Over the Half-Century Following the Civil War
Over the half-century following the Civil War, a new memory shaped by Lost Cause rhetoric emerged and solidified within the public discourse. This narrative challenged the memory of the war as a symbol of Black Liberation, Emancipation, and a Second Founding of the nation. By the turn of the nineteenth century, Blight claims, "romance triumphed over reality, sentimental remembrance won over ideological memory," and "over time, Americans have needed deflections from the deeper meanings of the Civil War. It haunts us still; we feel it… but often do not face it" (Blight, 4). As evidence of the success of the Lost Cause narrative, in 1915, President Woodrow Wilson screened The Birth of Nation in the White House. The film signaled the end of emancipatory and a slavery-centric justification for the war; instead, the Lost Cause narrative came to dominate mainstream understandings of the war, a legacy Americans contend with to this day.

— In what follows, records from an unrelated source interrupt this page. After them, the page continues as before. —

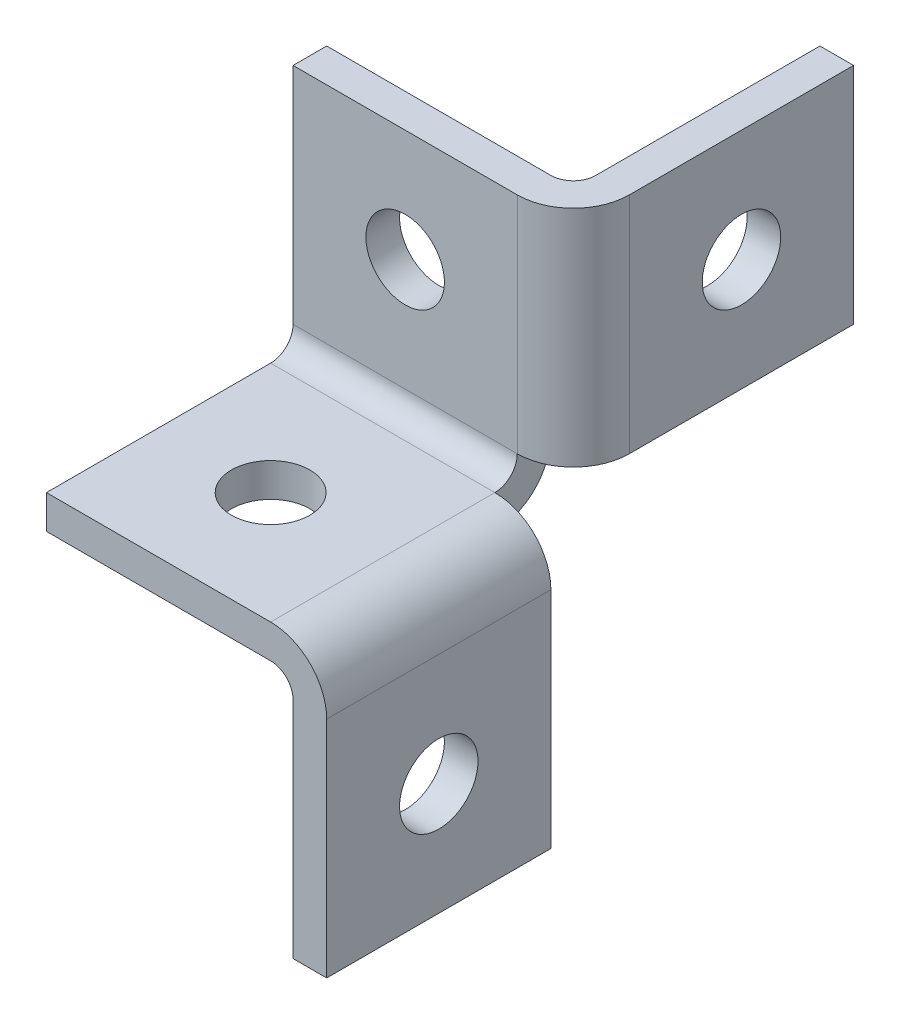
ISO-10303-21;
HEADER;
FILE_DESCRIPTION(('STEP AP214'),'2;1');
FILE_NAME('part.step','',(''),(''),'','','');
FILE_SCHEMA(('AUTOMOTIVE_DESIGN { 1 0 10303 214 1 1 1 1 }'));
ENDSEC;
DATA;
#1=APPLICATION_CONTEXT('core data for automotive mechanical design processes');
#2=APPLICATION_PROTOCOL_DEFINITION('international standard','automotive_design',2000,#1);
#3=PRODUCT_CONTEXT('',#1,'mechanical');
#4=PRODUCT('Part','Part','',(#3));
#5=PRODUCT_RELATED_PRODUCT_CATEGORY('part','',(#4));
#6=PRODUCT_DEFINITION_FORMATION('','',#4);
#7=PRODUCT_DEFINITION_CONTEXT('part definition',#1,'design');
#8=PRODUCT_DEFINITION('design','',#6,#7);
#9=PRODUCT_DEFINITION_SHAPE('','',#8);
#10=(LENGTH_UNIT() NAMED_UNIT(*) SI_UNIT(.MILLI.,.METRE.));
#11=(NAMED_UNIT(*) PLANE_ANGLE_UNIT() SI_UNIT($,.RADIAN.));
#12=(NAMED_UNIT(*) SI_UNIT($,.STERADIAN.) SOLID_ANGLE_UNIT());
#13=UNCERTAINTY_MEASURE_WITH_UNIT(LENGTH_MEASURE(1.E-05),#10,'distance_accuracy_value','');
#14=(GEOMETRIC_REPRESENTATION_CONTEXT(3) GLOBAL_UNCERTAINTY_ASSIGNED_CONTEXT((#13)) GLOBAL_UNIT_ASSIGNED_CONTEXT((#10,
#11,#12)) REPRESENTATION_CONTEXT('',''));
#15=CARTESIAN_POINT('',(0.,0.,0.));
#16=DIRECTION('',(0.,0.,1.));
#17=DIRECTION('',(1.,0.,0.));
#18=AXIS2_PLACEMENT_3D('',#15,#16,#17);
#19=CARTESIAN_POINT('',(-92.0281662206482,-24.0000000000001,-20.));
#20=DIRECTION('',(1.,0.,0.));
#21=DIRECTION('',(0.,1.,0.));
#22=AXIS2_PLACEMENT_3D('',#19,#20,#21);
#23=CYLINDRICAL_SURFACE('',#22,6.99999999999999);
#24=CARTESIAN_POINT('',(49.9999999999997,-23.9999999999998,-20.0000000000001));
#25=DIRECTION('',(1.,0.,0.));
#26=DIRECTION('',(0.,1.,0.));
#27=AXIS2_PLACEMENT_3D('',#24,#25,#26);
#28=CIRCLE('',#27,6.99999999999999);
#29=CARTESIAN_POINT('',(49.9999999999996,-16.9999999999998,-20.0000000000001));
#30=VERTEX_POINT('',#29);
#31=EDGE_CURVE('E137',#30,#30,#28,.F.);
#32=ORIENTED_EDGE('',*,*,#31,.F.);
#33=EDGE_LOOP('',(#32));
#34=FACE_BOUND('',#33,.T.);
#35=CARTESIAN_POINT('',(43.9999999999995,-23.9999999999998,-20.0000000000001));
#36=DIRECTION('',(1.,0.,0.));
#37=DIRECTION('',(0.,1.,0.));
#38=AXIS2_PLACEMENT_3D('',#35,#36,#37);
#39=CIRCLE('',#38,6.99999999999999);
#40=CARTESIAN_POINT('',(43.9999999999995,-16.9999999999999,-20.0000000000001));
#41=VERTEX_POINT('',#40);
#42=EDGE_CURVE('E20',#41,#41,#39,.T.);
#43=ORIENTED_EDGE('',*,*,#42,.F.);
#44=EDGE_LOOP('',(#43));
#45=FACE_BOUND('',#44,.T.);
#46=ADVANCED_FACE('F17',(#34,#45),#23,.F.);
#47=CARTESIAN_POINT('',(161.62652762026,30.0000000000004,-74.0000000000002));
#48=DIRECTION('',(-1.,0.,0.));
#49=DIRECTION('',(0.,-1.,0.));
#50=AXIS2_PLACEMENT_3D('',#47,#48,#49);
#51=CYLINDRICAL_SURFACE('',#50,6.99999999999999);
#52=CARTESIAN_POINT('',(43.9999999999995,30.0000000000002,-74.0000000000001));
#53=DIRECTION('',(-1.,0.,0.));
#54=DIRECTION('',(0.,-1.,0.));
#55=AXIS2_PLACEMENT_3D('',#52,#53,#54);
#56=CIRCLE('',#55,6.99999999999999);
#57=CARTESIAN_POINT('',(43.9999999999995,23.0000000000002,-74.0000000000001));
#58=VERTEX_POINT('',#57);
#59=EDGE_CURVE('E176',#58,#58,#56,.F.);
#60=ORIENTED_EDGE('',*,*,#59,.F.);
#61=EDGE_LOOP('',(#60));
#62=FACE_BOUND('',#61,.T.);
#63=CARTESIAN_POINT('',(49.9999999999994,30.0000000000002,-74.0000000000001));
#64=DIRECTION('',(-1.,0.,0.));
#65=DIRECTION('',(0.,-1.,0.));
#66=AXIS2_PLACEMENT_3D('',#63,#64,#65);
#67=CIRCLE('',#66,6.99999999999999);
#68=CARTESIAN_POINT('',(49.9999999999994,23.0000000000002,-74.0000000000001));
#69=VERTEX_POINT('',#68);
#70=EDGE_CURVE('E194',#69,#69,#67,.T.);
#71=ORIENTED_EDGE('',*,*,#70,.F.);
#72=EDGE_LOOP('',(#71));
#73=FACE_BOUND('',#72,.T.);
#74=ADVANCED_FACE('F288',(#62,#73),#51,.F.);
#75=CARTESIAN_POINT('',(39.9999999999995,-3.99999999999985,-13.5207198547634));
#76=DIRECTION('',(0.,0.,-1.));
#77=DIRECTION('',(0.,1.,0.));
#78=AXIS2_PLACEMENT_3D('',#75,#76,#77);
#79=CYLINDRICAL_SURFACE('',#78,4.);
#80=CARTESIAN_POINT('',(39.9999999999995,-3.99999999999985,-40.));
#81=DIRECTION('',(0.,0.,-1.));
#82=DIRECTION('',(0.,1.,0.));
#83=AXIS2_PLACEMENT_3D('',#80,#81,#82);
#84=CIRCLE('',#83,4.);
#85=CARTESIAN_POINT('',(43.9999999999996,-3.99999999999985,-40.));
#86=VERTEX_POINT('',#85);
#87=CARTESIAN_POINT('',(39.9999999999995,1.24466409401336E-13,-40.));
#88=VERTEX_POINT('',#87);
#89=EDGE_CURVE('E106',#86,#88,#84,.F.);
#90=ORIENTED_EDGE('',*,*,#89,.F.);
#91=DIRECTION('',(0.,0.,1.));
#92=VECTOR('',#91,1.);
#93=CARTESIAN_POINT('',(43.9999999999995,-3.99999999999985,-40.));
#94=LINE('',#93,#92);
#95=CARTESIAN_POINT('',(43.9999999999995,-3.99999999999985,0.));
#96=VERTEX_POINT('',#95);
#97=EDGE_CURVE('E138',#96,#86,#94,.F.);
#98=ORIENTED_EDGE('',*,*,#97,.F.);
#99=CARTESIAN_POINT('',(39.9999999999995,-3.99999999999985,0.));
#100=DIRECTION('',(0.,0.,-1.));
#101=DIRECTION('',(0.,1.,0.));
#102=AXIS2_PLACEMENT_3D('',#99,#100,#101);
#103=CIRCLE('',#102,4.);
#104=CARTESIAN_POINT('',(39.9999999999995,1.05818132034585E-13,0.));
#105=VERTEX_POINT('',#104);
#106=EDGE_CURVE('E149',#105,#96,#103,.T.);
#107=ORIENTED_EDGE('',*,*,#106,.F.);
#108=DIRECTION('',(0.,0.,1.));
#109=VECTOR('',#108,1.);
#110=CARTESIAN_POINT('',(39.9999999999995,1.4210854715202E-13,12.9585602904733));
#111=LINE('',#110,#109);
#112=EDGE_CURVE('E166',#88,#105,#111,.T.);
#113=ORIENTED_EDGE('',*,*,#112,.F.);
#114=EDGE_LOOP('',(#90,#98,#107,#113));
#115=FACE_BOUND('',#114,.T.);
#116=ADVANCED_FACE('F292',(#115),#79,.F.);
#117=CARTESIAN_POINT('',(43.9999999999995,1.4210854715202E-13,-40.));
#118=DIRECTION('',(-1.,0.,0.));
#119=DIRECTION('',(0.,-1.,0.));
#120=AXIS2_PLACEMENT_3D('',#117,#118,#119);
#121=PLANE('',#120);
#122=DIRECTION('',(0.,0.,1.));
#123=VECTOR('',#122,1.);
#124=CARTESIAN_POINT('',(43.9999999999998,-43.9999999999998,-20.0000000000001));
#125=LINE('',#124,#123);
#126=CARTESIAN_POINT('',(43.9999999999997,-43.9999999999998,-40.));
#127=VERTEX_POINT('',#126);
#128=CARTESIAN_POINT('',(43.9999999999996,-43.9999999999998,0.));
#129=VERTEX_POINT('',#128);
#130=EDGE_CURVE('E114',#127,#129,#125,.T.);
#131=ORIENTED_EDGE('',*,*,#130,.T.);
#132=DIRECTION('',(0.,1.,0.));
#133=VECTOR('',#132,1.);
#134=CARTESIAN_POINT('',(43.9999999999995,6.00000000000016,0.));
#135=LINE('',#134,#133);
#136=EDGE_CURVE('E132',#96,#129,#135,.F.);
#137=ORIENTED_EDGE('',*,*,#136,.F.);
#138=ORIENTED_EDGE('',*,*,#97,.T.);
#139=DIRECTION('',(0.,1.,0.));
#140=VECTOR('',#139,1.);
#141=CARTESIAN_POINT('',(43.9999999999998,6.00000000000016,-40.));
#142=LINE('',#141,#140);
#143=EDGE_CURVE('E135',#127,#86,#142,.T.);
#144=ORIENTED_EDGE('',*,*,#143,.F.);
#145=EDGE_LOOP('',(#131,#137,#138,#144));
#146=FACE_BOUND('',#145,.T.);
#147=ORIENTED_EDGE('',*,*,#42,.T.);
#148=EDGE_LOOP('',(#147));
#149=FACE_BOUND('',#148,.T.);
#150=ADVANCED_FACE('F129',(#146,#149),#121,.T.);
#151=CARTESIAN_POINT('',(46.9999999999997,-43.9999999999998,-20.0000000000001));
#152=DIRECTION('',(0.,1.,0.));
#153=DIRECTION('',(-1.,0.,0.));
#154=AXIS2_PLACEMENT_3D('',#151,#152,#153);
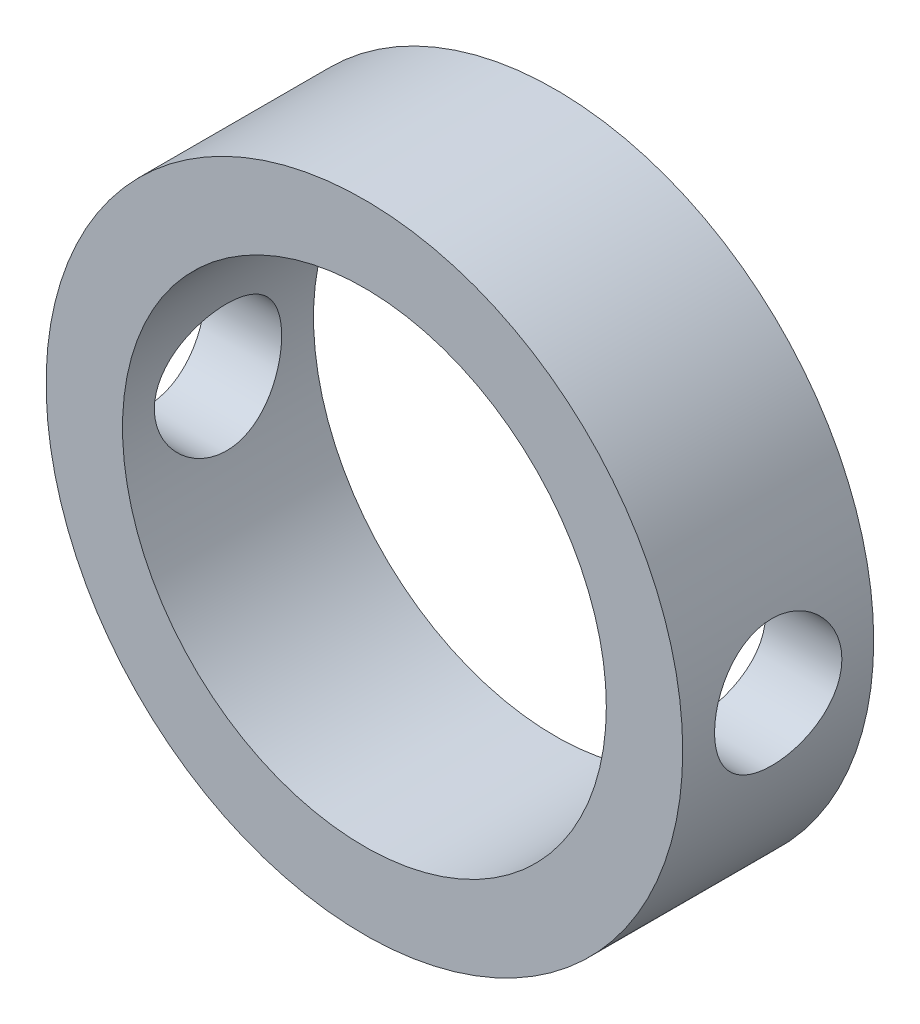
ISO-10303-21;
HEADER;
FILE_DESCRIPTION(('STEP AP214'),'2;1');
FILE_NAME('part.step','',(''),(''),'','','');
FILE_SCHEMA(('AUTOMOTIVE_DESIGN { 1 0 10303 214 1 1 1 1 }'));
ENDSEC;
DATA;
#1=APPLICATION_CONTEXT('core data for automotive mechanical design processes');
#2=APPLICATION_PROTOCOL_DEFINITION('international standard','automotive_design',2000,#1);
#3=PRODUCT_CONTEXT('',#1,'mechanical');
#4=PRODUCT('Part','Part','',(#3));
#5=PRODUCT_RELATED_PRODUCT_CATEGORY('part','',(#4));
#6=PRODUCT_DEFINITION_FORMATION('','',#4);
#7=PRODUCT_DEFINITION_CONTEXT('part definition',#1,'design');
#8=PRODUCT_DEFINITION('design','',#6,#7);
#9=PRODUCT_DEFINITION_SHAPE('','',#8);
#10=(LENGTH_UNIT() NAMED_UNIT(*) SI_UNIT(.MILLI.,.METRE.));
#11=(NAMED_UNIT(*) PLANE_ANGLE_UNIT() SI_UNIT($,.RADIAN.));
#12=(NAMED_UNIT(*) SI_UNIT($,.STERADIAN.) SOLID_ANGLE_UNIT());
#13=UNCERTAINTY_MEASURE_WITH_UNIT(LENGTH_MEASURE(1.E-05),#10,'distance_accuracy_value','');
#14=(GEOMETRIC_REPRESENTATION_CONTEXT(3) GLOBAL_UNCERTAINTY_ASSIGNED_CONTEXT((#13)) GLOBAL_UNIT_ASSIGNED_CONTEXT((#10,
#11,#12)) REPRESENTATION_CONTEXT('',''));
#15=CARTESIAN_POINT('',(0.,0.,0.));
#16=DIRECTION('',(0.,0.,1.));
#17=DIRECTION('',(1.,0.,0.));
#18=AXIS2_PLACEMENT_3D('',#15,#16,#17);
#19=CARTESIAN_POINT('',(0.,0.,6.));
#20=DIRECTION('',(0.,0.,1.));
#21=DIRECTION('',(1.,0.,0.));
#22=AXIS2_PLACEMENT_3D('',#19,#20,#21);
#23=PLANE('',#22);
#24=CARTESIAN_POINT('',(0.,0.,6.));
#25=DIRECTION('',(0.,0.,1.));
#26=DIRECTION('',(1.,0.,0.));
#27=AXIS2_PLACEMENT_3D('',#24,#25,#26);
#28=CIRCLE('',#27,10.);
#29=CARTESIAN_POINT('',(10.,0.,6.));
#30=VERTEX_POINT('',#29);
#31=EDGE_CURVE('E10',#30,#30,#28,.T.);
#32=ORIENTED_EDGE('',*,*,#31,.T.);
#33=EDGE_LOOP('',(#32));
#34=FACE_BOUND('',#33,.T.);
#35=CARTESIAN_POINT('',(0.,0.,6.));
#36=DIRECTION('',(0.,0.,1.));
#37=DIRECTION('',(1.,0.,0.));
#38=AXIS2_PLACEMENT_3D('',#35,#36,#37);
#39=CIRCLE('',#38,7.6);
#40=CARTESIAN_POINT('',(7.6,0.,6.));
#41=VERTEX_POINT('',#40);
#42=EDGE_CURVE('E52',#41,#41,#39,.T.);
#43=ORIENTED_EDGE('',*,*,#42,.F.);
#44=EDGE_LOOP('',(#43));
#45=FACE_BOUND('',#44,.T.);
#46=ADVANCED_FACE('F33',(#34,#45),#23,.T.);
#47=CARTESIAN_POINT('',(0.,0.,0.));
#48=DIRECTION('',(0.,0.,1.));
#49=DIRECTION('',(1.,0.,0.));
#50=AXIS2_PLACEMENT_3D('',#47,#48,#49);
#51=PLANE('',#50);
#52=CARTESIAN_POINT('',(0.,0.,0.));
#53=DIRECTION('',(0.,0.,1.));
#54=DIRECTION('',(1.,0.,0.));
#55=AXIS2_PLACEMENT_3D('',#52,#53,#54);
#56=CIRCLE('',#55,10.);
#57=CARTESIAN_POINT('',(10.,0.,0.));
#58=VERTEX_POINT('',#57);
#59=EDGE_CURVE('E47',#58,#58,#56,.T.);
#60=ORIENTED_EDGE('',*,*,#59,.F.);
#61=EDGE_LOOP('',(#60));
#62=FACE_BOUND('',#61,.T.);
#63=CARTESIAN_POINT('',(0.,0.,0.));
#64=DIRECTION('',(0.,0.,1.));
#65=DIRECTION('',(1.,0.,0.));
#66=AXIS2_PLACEMENT_3D('',#63,#64,#65);
#67=CIRCLE('',#66,7.6);
#68=CARTESIAN_POINT('',(7.6,0.,0.));
#69=VERTEX_POINT('',#68);
#70=EDGE_CURVE('E55',#69,#69,#67,.T.);
#71=ORIENTED_EDGE('',*,*,#70,.T.);
#72=EDGE_LOOP('',(#71));
#73=FACE_BOUND('',#72,.T.);
#74=ADVANCED_FACE('F91',(#62,#73),#51,.F.);
#75=CARTESIAN_POINT('',(0.,0.,6.));
#76=DIRECTION('',(0.,0.,-1.));
#77=DIRECTION('',(-1.,0.,0.));
#78=AXIS2_PLACEMENT_3D('',#75,#76,#77);
#79=CYLINDRICAL_SURFACE('',#78,10.);
#80=CARTESIAN_POINT('',(-10.,0.,1.));
#81=CARTESIAN_POINT('',(-9.99999795161742,0.111153813585266,1.00000408899669));
#82=CARTESIAN_POINT('',(-9.99812770356462,0.222359320403045,1.00929768593529));
#83=CARTESIAN_POINT('',(-9.99084731246463,0.441627015378039,1.04619700023049));
#84=CARTESIAN_POINT('',(-9.98543435720372,0.549686635082712,1.07381726560302));
#85=CARTESIAN_POINT('',(-9.97167298556573,0.759460610526626,1.14648254724158));
#86=CARTESIAN_POINT('',(-9.96332738153436,0.861180935866268,1.19151087368938));
#87=CARTESIAN_POINT('',(-9.94460796070629,1.05561597772845,1.29766449502259));
#88=CARTESIAN_POINT('',(-9.93423426471414,1.14833123015162,1.35878883121441));
#89=CARTESIAN_POINT('',(-9.9124433065994,1.32338695462973,1.49627698858287));
#90=CARTESIAN_POINT('',(-9.90101491008695,1.40558790231705,1.5728167107824));
#91=CARTESIAN_POINT('',(-9.87848360905177,1.55607351321606,1.7385848327834));
#92=CARTESIAN_POINT('',(-9.86738073000848,1.62435708954085,1.82781422267024));
#93=CARTESIAN_POINT('',(-9.8466488362523,1.74566350669524,2.01743238602375));
#94=CARTESIAN_POINT('',(-9.83703414729892,1.79854187773173,2.11791528759272));
#95=CARTESIAN_POINT('',(-9.82052536116836,1.88661133316062,2.32656363800816));
#96=CARTESIAN_POINT('',(-9.81363099523923,1.92180416487448,2.43472832669269));
#97=CARTESIAN_POINT('',(-9.80345610504409,1.97305059976965,2.65416872781583));
#98=CARTESIAN_POINT('',(-9.80012940214375,1.98934899591755,2.76538508828445));
#99=CARTESIAN_POINT('',(-9.79732750121254,2.00310425545224,2.98901964272868));
#100=CARTESIAN_POINT('',(-9.79785190935681,2.000563045427,3.10143771264029));
#101=CARTESIAN_POINT('',(-9.80265102296369,1.97690914620364,3.32249357604201));
#102=CARTESIAN_POINT('',(-9.80686905717527,1.95607708048781,3.43116281125463));
#103=CARTESIAN_POINT('',(-9.81849092320002,1.8968757692461,3.643432153326));
#104=CARTESIAN_POINT('',(-9.82589490715558,1.85850568620136,3.74703201783802));
#105=CARTESIAN_POINT('',(-9.84311237000816,1.76504956734944,3.9470305234072));
#106=CARTESIAN_POINT('',(-9.85294179627409,1.70985230246423,4.04337575913834));
#107=CARTESIAN_POINT('',(-9.87389237546124,1.58438714914536,4.22554169994563));
#108=CARTESIAN_POINT('',(-9.88501367676732,1.51411752871366,4.31136119370231));
#109=CARTESIAN_POINT('',(-9.90754042482924,1.35899986912117,4.47165880491387));
#110=CARTESIAN_POINT('',(-9.9189473842181,1.27391232242489,4.54590513571826));
#111=CARTESIAN_POINT('',(-9.94057697428817,1.09237004812402,4.67910769260245));
#112=CARTESIAN_POINT('',(-9.95079958977947,0.995915174758779,4.73806372258716));
#113=CARTESIAN_POINT('',(-9.96893380321774,0.794118773757842,4.83905501845195));
#114=CARTESIAN_POINT('',(-9.97684177696544,0.6887636391706,4.88106378728907));
#115=CARTESIAN_POINT('',(-9.98942817975716,0.47229795289733,4.94672094807713));
#116=CARTESIAN_POINT('',(-9.99410700001063,0.361188100144899,4.97037156414726));
#117=CARTESIAN_POINT('',(-9.99965343733736,0.138358811254301,4.99831290758855));
#118=CARTESIAN_POINT('',(-10.0005834930494,0.0266806566511525,5.00292083908054));
#119=CARTESIAN_POINT('',(-9.99870103860205,-0.195849868385428,4.99350028211564));
#120=CARTESIAN_POINT('',(-9.99588873882892,-0.306702284887586,4.97947284129481));
#121=CARTESIAN_POINT('',(-9.98687664016035,-0.523411319893082,4.93344325291209));
#122=CARTESIAN_POINT('',(-9.98070752808413,-0.629303896679806,4.90160386300419));
#123=CARTESIAN_POINT('',(-9.96567104122065,-0.834247254999334,4.82103203468838));
#124=CARTESIAN_POINT('',(-9.95680346428453,-0.933297523275079,4.77229833064634));
#125=CARTESIAN_POINT('',(-9.93719823066589,-1.12308234737244,4.65863501869737));
#126=CARTESIAN_POINT('',(-9.92643900874104,-1.21370025350438,4.59351443792211));
#127=CARTESIAN_POINT('',(-9.90429469659765,-1.38283603823841,4.44918161758544));
#128=CARTESIAN_POINT('',(-9.89290953936776,-1.46135261786153,4.36996786720027));
#129=CARTESIAN_POINT('',(-9.8705860711393,-1.60528118154835,4.19825329621775));
#130=CARTESIAN_POINT('',(-9.85965720466609,-1.67047540489731,4.10556851155733));
#131=CARTESIAN_POINT('',(-9.83968383592389,-1.78437084010241,3.91037727728664));
#132=CARTESIAN_POINT('',(-9.83063925826685,-1.83307271184581,3.8078712208529));
#133=CARTESIAN_POINT('',(-9.81553481168766,-1.91230368316392,3.5964635077009));
#134=CARTESIAN_POINT('',(-9.80945949744373,-1.9429269995821,3.48759831757936));
#135=CARTESIAN_POINT('',(-9.8009487358405,-1.98541730325439,3.26613309301819));
#136=CARTESIAN_POINT('',(-9.79851281382223,-1.99728673645023,3.15353354758131));
#137=CARTESIAN_POINT('',(-9.79758299262758,-2.00184182173494,2.92998227091136));
#138=CARTESIAN_POINT('',(-9.79901838378602,-1.99487157614179,2.81903770214598));
#139=CARTESIAN_POINT('',(-9.80551146969228,-1.96270460820012,2.59993670018995));
#140=CARTESIAN_POINT('',(-9.81056913534338,-1.9375080322586,2.49178024461039));
#141=CARTESIAN_POINT('',(-9.82370528438317,-1.86975713699791,2.28154457751891));
#142=CARTESIAN_POINT('',(-9.83177642037661,-1.82724501343469,2.17945127899517));
#143=CARTESIAN_POINT('',(-9.85003429948341,-1.72610928920321,1.98379255853112));
#144=CARTESIAN_POINT('',(-9.86022121997788,-1.66748433754977,1.89022785254973));
#145=CARTESIAN_POINT('',(-9.88177921046451,-1.53461182957283,1.71256885569937));
#146=CARTESIAN_POINT('',(-9.89316745819399,-1.46011577447036,1.62866246946481));
#147=CARTESIAN_POINT('',(-9.91572163743909,-1.29812873802628,1.47442758894166));
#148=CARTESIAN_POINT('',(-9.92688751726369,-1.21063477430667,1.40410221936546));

This newly imagined and constructed "memory" of the war as one of Northern aggression and Southern defense was particularly strong in the former Confederate states. It minimized and obfuscated national justifications for war by glorifying the 'cult of the fallen soldier.' In doing so, it sentimentalized the war and fervently asserted that the Confederacy fought for a righteous political and religious cause only to be defeated by the North's superior industrial wealth. Likewise, it transformed the antebellum South from a place of enslaved brutality towards one of lost romance, where the enslaved and enslaver had lived in an idealistic paternal relationship, dismissing the horrors of slavery—turning the enslaver into a father figure and moral compass for the people they enslaved. This paternal-romantic narrative is the foundation of the Lost Cause mythology and is ideologically based on white supremacy.